Trabajaba en una oficina oscura, bajo tierra, haciendo un trabajo que nadie valoraba; se pasaba todo el día ordenando documentos de no sabía quien y los ponía en grandes archivadores que ocupaban toda la sala. Allá dentro se percibían olores de cerrado y de humedad, ruidos imprecisos y, sobretodo, mucha soledad. Quizás por eso, era una persona tan seria que resultaba aburrida, tan discreta que a todos les parecía sosa, que despreciaba cualquier artilugio novedoso, seguramente por eso todo el mundo le rehuía.

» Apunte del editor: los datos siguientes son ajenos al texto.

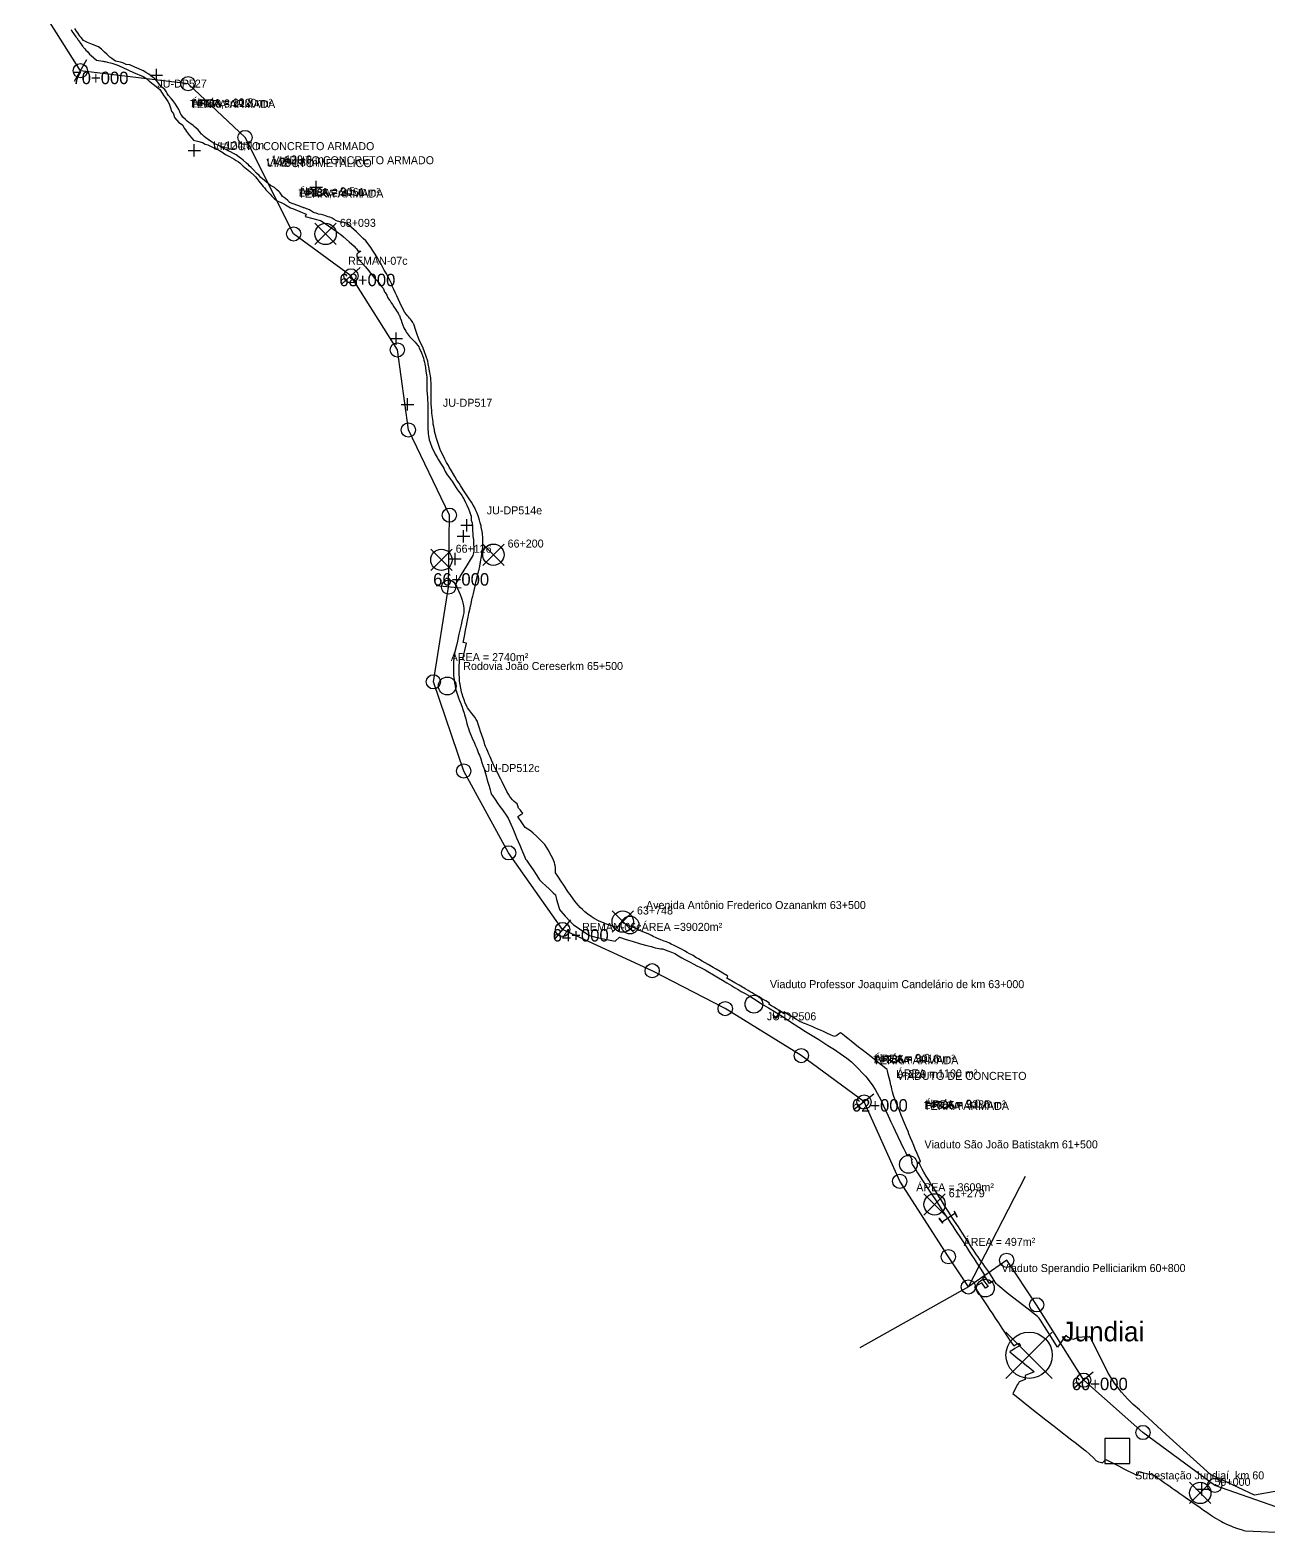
# Model space of a CAD drawing. Header units: metres. Extents: x 286341 to 332373, y 7396700 to 7466215.
# Drawn here: x 302639 to 309604, y 7432512 to 7440965 of the extents above; entities that cross this region are included whole.
import ezdxf

# ---------------------------------------------------------------- set-up
doc = ezdxf.new("R2010")
doc.units = ezdxf.units.M
for name, color, linetype in [('00-EIXO-TIC-RODAPE', 1, 'Continuous'), ('01-ESTACAS-MARCACAO', 3, 'Continuous'), ('02-TRECHOS-DIVISAO', 3, 'Continuous'), ('03-TERMINAIS-TIC', 2, 'Continuous'), ('06-SUBESTACOES', 6, 'Continuous'), ('07-OBRAS-DE-ARTE', 30, 'Continuous'), ('08-VIADUTOS-NOMES', 30, 'Continuous'), ('09-PASSARELAS', 4, 'Continuous'), ('10-DRENAGEM-BUEIROS', 5, 'Continuous'), ('12-FAIXA-DOMINIO', 9, 'Continuous'), ('13-DESAPROPRIACAO', 2, 'Continuous'), ('14-TIC-EIXO-REFERENCIA', 1, 'Continuous')]:
    doc.layers.add(name, color=color, linetype=linetype)

msp = doc.modelspace()

# ---------------------------------------------------------------- linework, layer by layer
at = {"layer": '00-EIXO-TIC-RODAPE'}
msp.add_lwpolyline([(309681.1, 7432646.3), (309299.4, 7432779.9), (308895.9, 7433077.3), (308562.9, 7433371.8), (308298, 7433795.2), (308129.8, 7434045.9), (307914.4, 7433896.2), (307801.7, 7434066.3), (307528.5, 7434490), (307327.8, 7434936.3), (306974.8, 7435197.3), (306547.2, 7435461.4), (306136.6, 7435674.2), (305632.6, 7435906.6), (305329.2, 7436337.3), (305076.9, 7436797.6), (304906.5, 7437299.2), (304992.1, 7437832.1), (304996.6, 7438236.7), (304765.9, 7438715.7), (304703.7, 7439166.1), (304442.7, 7439582.7), (304120.4, 7439818.5), (303847.2, 7440360.8), (303527, 7440663.3), (302921.4, 7440736.3), (302638.7, 7441185.8)], dxfattribs=at)
at = {"layer": '01-ESTACAS-MARCACAO'}
for p, q in [((302956.9, 7440796.6), (302885.9, 7440676)), ((304494.9, 7439629.3), (304390.5, 7439536)), ((305061.8, 7437825.4), (304922.5, 7437838.8)), ((305677, 7435960.6), (305588.2, 7435852.5)), ((307382.9, 7434979.5), (307272.6, 7434893.2)), ((308616.7, 7433416.6), (308509.1, 7433327))]:
    msp.add_line(p, q, dxfattribs=at)
at = {"layer": '02-TRECHOS-DIVISAO'}
for q in [(308235.4, 7434518.2), (307303.9, 7433553.7)]:
    msp.add_line((307914.4, 7433896.2), q, dxfattribs=at)
at = {"layer": '03-TERMINAIS-TIC'}
for p, q in [((308125.4, 7433382), (308385.4, 7433642)), ((308125.4, 7433642), (308385.4, 7433382))]:
    msp.add_line(p, q, dxfattribs=at)
msp.add_circle((308255.4, 7433512), 130, dxfattribs=at)
at = {"layer": '06-SUBESTACOES'}
msp.add_lwpolyline([(308681.8, 7432903.8), (308821.8, 7432903.8), (308821.8, 7433043.8), (308681.8, 7433043.8)], close=True, dxfattribs=at)
at = {"layer": '07-OBRAS-DE-ARTE'}
for p, q in [((304240.3, 7439758.1), (304360.3, 7439878.1)), ((304240.3, 7439878.1), (304360.3, 7439758.1)), ((304891.4, 7437925.4), (305011.4, 7438045.4)), ((304891.4, 7438045.4), (305011.4, 7437925.4)), ((305183.7, 7437954.3), (305303.7, 7438074.3)), ((305183.7, 7438074.3), (305303.7, 7437954.3)), ((305911, 7435890.7), (306031, 7436010.7)), ((305911, 7436010.7), (306031, 7435890.7)), ((307664, 7434300.6), (307784, 7434420.6)), ((307664, 7434420.6), (307784, 7434300.6)), ((309158.3, 7432677.5), (309278.3, 7432797.5)), ((309158.3, 7432797.5), (309278.3, 7432677.5))]:
    msp.add_line(p, q, dxfattribs=at)
for centre in [(304300.3, 7439818.1), (304951.4, 7437985.4), (305243.7, 7438014.3), (305971, 7435950.7), (307724, 7434360.6), (309218.3, 7432737.5)]:
    msp.add_circle(centre, 60, dxfattribs=at)
at = {"layer": '08-VIADUTOS-NOMES'}
for centre in [(304984.3, 7437275.7), (306011.8, 7435931.5), (306708.5, 7435486.4), (307577.2, 7434585.5), (308010.3, 7433889.8)]:
    msp.add_circle(centre, 50, dxfattribs=at)
at = {"layer": '09-PASSARELAS'}
for points in [[(306850.7, 7435452.6), (306879.4, 7435435.3), (306879.4, 7435435.3), (306879.4, 7435435.3), (306877.9, 7435432.9), (306857.8, 7435445), (306835.9, 7435409), (306832.3, 7435405.5), (306814.7, 7435424.1), (306814.7, 7435424.1), (306814.7, 7435424.1), (306816.7, 7435426), (306827.7, 7435414.4), (306829.5, 7435417.4), (306836.2, 7435413.3), (306855.8, 7435445.6), (306849, 7435449.7), (306850.7, 7435452.6)], [(306855.8, 7435445.6), (306834.5, 7435410.4)], [(306857.8, 7435445), (306835.9, 7435409)], [(307765.3, 7434263.6), (307751.3, 7434282.6), (307750, 7434281.5), (307749.7, 7434281.4), (307749, 7434280.9), (307768.9, 7434253.9), (307771.6, 7434255.9), (307766.9, 7434262.3), (307838.5, 7434311.2), (307849.1, 7434290.2), (307850.3, 7434290.8), (307850.5, 7434290.8), (307851.6, 7434291.4), (307836.5, 7434321.3), (307833.6, 7434319.8), (307837.2, 7434312.8)]]:
    msp.add_lwpolyline(points, dxfattribs=at)
at = {"layer": '10-DRENAGEM-BUEIROS'}
for points in [[(303349, 7440677.1), (303349, 7440747.1)], [(303314, 7440712.1), (303384, 7440712.1)], [(303562.2, 7440253.4), (303562.2, 7440323.4)], [(303527.2, 7440288.4), (303597.2, 7440288.4)], [(304212.1, 7440081.5), (304282.1, 7440081.5)], [(304247.1, 7440046.5), (304247.1, 7440116.5)], [(304661.8, 7439229.3), (304731.8, 7439229.3)], [(304696.8, 7439194.3), (304696.8, 7439264.3)], [(304761, 7438824.7), (304761, 7438894.7)], [(304726, 7438859.7), (304796, 7438859.7)], [(305095.3, 7438144.8), (305095.3, 7438214.8)], [(305040.8, 7438117.7), (305110.8, 7438117.7)], [(305060.3, 7438179.8), (305130.3, 7438179.8)], [(305075.8, 7438082.7), (305075.8, 7438152.7)], [(304993.3, 7437990.5), (305063.3, 7437990.5)], [(305028.3, 7437955.5), (305028.3, 7438025.5)], [(309227.6, 7432722.9), (309227.6, 7432792.9)], [(309192.6, 7432757.9), (309262.6, 7432757.9)]]:
    msp.add_lwpolyline(points, dxfattribs=at)
at = {"layer": '12-FAIXA-DOMINIO'}
for points in [[(302869.1, 7440968.3), (302874, 7440959.4), (302883.3, 7440945.5), (302896, 7440927.6), (302900.8, 7440921), (302903.7, 7440916.9), (302906.9, 7440912.3), (302909.8, 7440908.1), (302912.6, 7440904.2), (302916.2, 7440898.9), (302918.6, 7440895.5), (302925.5, 7440885.7), (302929, 7440880.8), (302933.8, 7440874.2), (302936.5, 7440871.2), (302939.6, 7440867.6), (302946.7, 7440859.6), (302952.9, 7440852.5), (302963, 7440841.5), (302972.6, 7440829.5), (302982, 7440821.8), (302996.9, 7440808.8), (303013.1, 7440795.2), (303047.2, 7440789.9), (303050, 7440789.5), (303055.2, 7440788.7), (303060.9, 7440787.8), (303074.4, 7440784.7), (303097.6, 7440779.5), (303126.7, 7440768.5), (303139.5, 7440763.4), (303185.5, 7440742.5), (303192.4, 7440739.5), (303220.8, 7440727.1), (303274.8, 7440703.5), (303289.9, 7440693.7), (303306.9, 7440679.8), (303310.9, 7440676.7), (303323.6, 7440666.8), (303337.8, 7440654.8), (303349.6, 7440644.8), (303367.8, 7440629.8), (303381.4, 7440609.2), (303390.6, 7440595.5), (303397.5, 7440585.4), (303412.5, 7440562.7), (303421.4, 7440549.5), (303428, 7440527), (303433.1, 7440509.2), (303444.6, 7440493.2), (303449.9, 7440473.5), (303474.2, 7440444.4), (303495.9, 7440431.5), (303497.8, 7440430.4), (303501.6, 7440421.5), (303505.9, 7440413.4), (303511.8, 7440403.1), (303518, 7440394), (303528.6, 7440378.7), (303534.5, 7440372.4), (303547.9, 7440357.6), (303558.5, 7440346.4), (303588.5, 7440337.5), (303607.4, 7440331.9), (303623.8, 7440322.7), (303637.4, 7440318.7), (303660.9, 7440308.7), (303672.3, 7440303), (303689, 7440294.6), (303704.4, 7440286.7), (303713.1, 7440282.2), (303717.2, 7440279.3), (303723.9, 7440274.5), (303737.1, 7440265.4), (303759.5, 7440253.1), (303785.6, 7440238), (303798.2, 7440230.6), (303811.1, 7440223.6), (303817.8, 7440218.1), (303827.7, 7440208.6), (303836.6, 7440199.6), (303874.8, 7440169), (303901.2, 7440144.4), (303905.7, 7440139.7), (303913.8, 7440129.4), (303925, 7440115.8), (303942.3, 7440094.1), (303949.1, 7440085.8), (303955.9, 7440077.5), (303964.5, 7440067.2), (303987.8, 7440041.8), (303997.7, 7440030.9), (304011.4, 7440017.9), (304020.6, 7440009.3), (304031.2, 7440002.8), (304040.6, 7439998.5), (304053.5, 7439993.2), (304070, 7439985.9), (304075.2, 7439981.4), (304103.5, 7439965.8), (304120.3, 7439958.9), (304190.4, 7439929.7), (304185.8, 7439917), (304228, 7439905.3), (304257.4, 7439897.6), (304271.6, 7439893.6), (304297, 7439876.4), (304316, 7439863.4), (304342.8, 7439845.1), (304359.1, 7439833.8), (304374.9, 7439823.3), (304386.4, 7439814.8), (304400.5, 7439802.2), (304433.3, 7439773.1), (304433.3, 7439773.1), (304433.3, 7439773.1), (304433.3, 7439773.1), (304433.3, 7439773.1), (304461.1, 7439749), (304468, 7439741), (304473.6, 7439734), (304485.1, 7439718), (304494.4, 7439723.2), (304496.9, 7439719.7), (304484.3, 7439711.3), (304479.3, 7439707.7), (304476.8, 7439703.9), (304475.8, 7439699.5), (304476.1, 7439694.7), (304477.8, 7439690.2), (304482.8, 7439681.2), (304486.5, 7439675.2), (304490, 7439670.1), (304493.9, 7439665.2), (304497.6, 7439661.2), (304505.1, 7439653.6), (304512.1, 7439646.7), (304517.7, 7439640.8), (304524.3, 7439634.1), (304531.8, 7439624.8), (304542.7, 7439611.2), (304551.7, 7439600.4), (304564.2, 7439584.7), (304576.1, 7439570.1), (304587.6, 7439555.9), (304598.8, 7439542.8), (304609.1, 7439531), (304616.9, 7439521.6), (304623.2, 7439514.2), (304627.2, 7439504.6), (304632.2, 7439493.2), (304635.6, 7439488), (304644.2, 7439474.3), (304649.9, 7439459.7), (304660, 7439446.7), (304663.8, 7439441.4), (304669.8, 7439431.7), (304676.7, 7439420.8), (304684.6, 7439408.6), (304693.5, 7439395.7), (304699, 7439386.5), (304707.7, 7439372.2), (304713, 7439364), (304715, 7439360), (304720.1, 7439346), (304725, 7439332.4), (304729.7, 7439319.3), (304734.7, 7439304.5), (304740.8, 7439290.3), (304745.7, 7439280.2), (304750.6, 7439271.8), (304756, 7439263.5), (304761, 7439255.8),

Caminaba hacia casa, al salir del trabajo, cabizbajo, sin ánimo. ¿Si se atreviese? ¿Si fuera capaz de pedirlo? Pero, sería inútil, nadie le escucharía. ¡Deseaba tanto trabajar arriba! Los veía cuando llegaba y al marchar; hablaban, reían, se les veía contentos, pero a él, ni lo miraban. ¡Mañana!, se decía, ¡mañana lo haré!, pero hacía demasiado tiempo que la idea le rondaba por la cabeza y nunca había sido capaz de llevarla a cabo. Es preciso reconocer que siempre se había considerado muy poca cosa, y se creía incapaz de mantener ninguna conversación inteligente, probablemente por esto trabajaba en aquel sótano.

Aquel día llegó como cada día, pero se sentía distinto, no sabía decir qué había motivado aquel cambio. Quizás había sido el hecho de encontrarse con aquel compañero de escuela de quien todo el mundo se reía y que había conseguido la Dirección de una multinacional, o quizás aquel sueño tan extraño, en el cual no podía ver por culpa de una inmensa niebla que no le permitía avanzar. Seguro, que tenía que ver con su vida gris y triste. ¡Pero ahora ya no le importaba! Hoy era el primer día de una nueva vida, estaba convencido de ello.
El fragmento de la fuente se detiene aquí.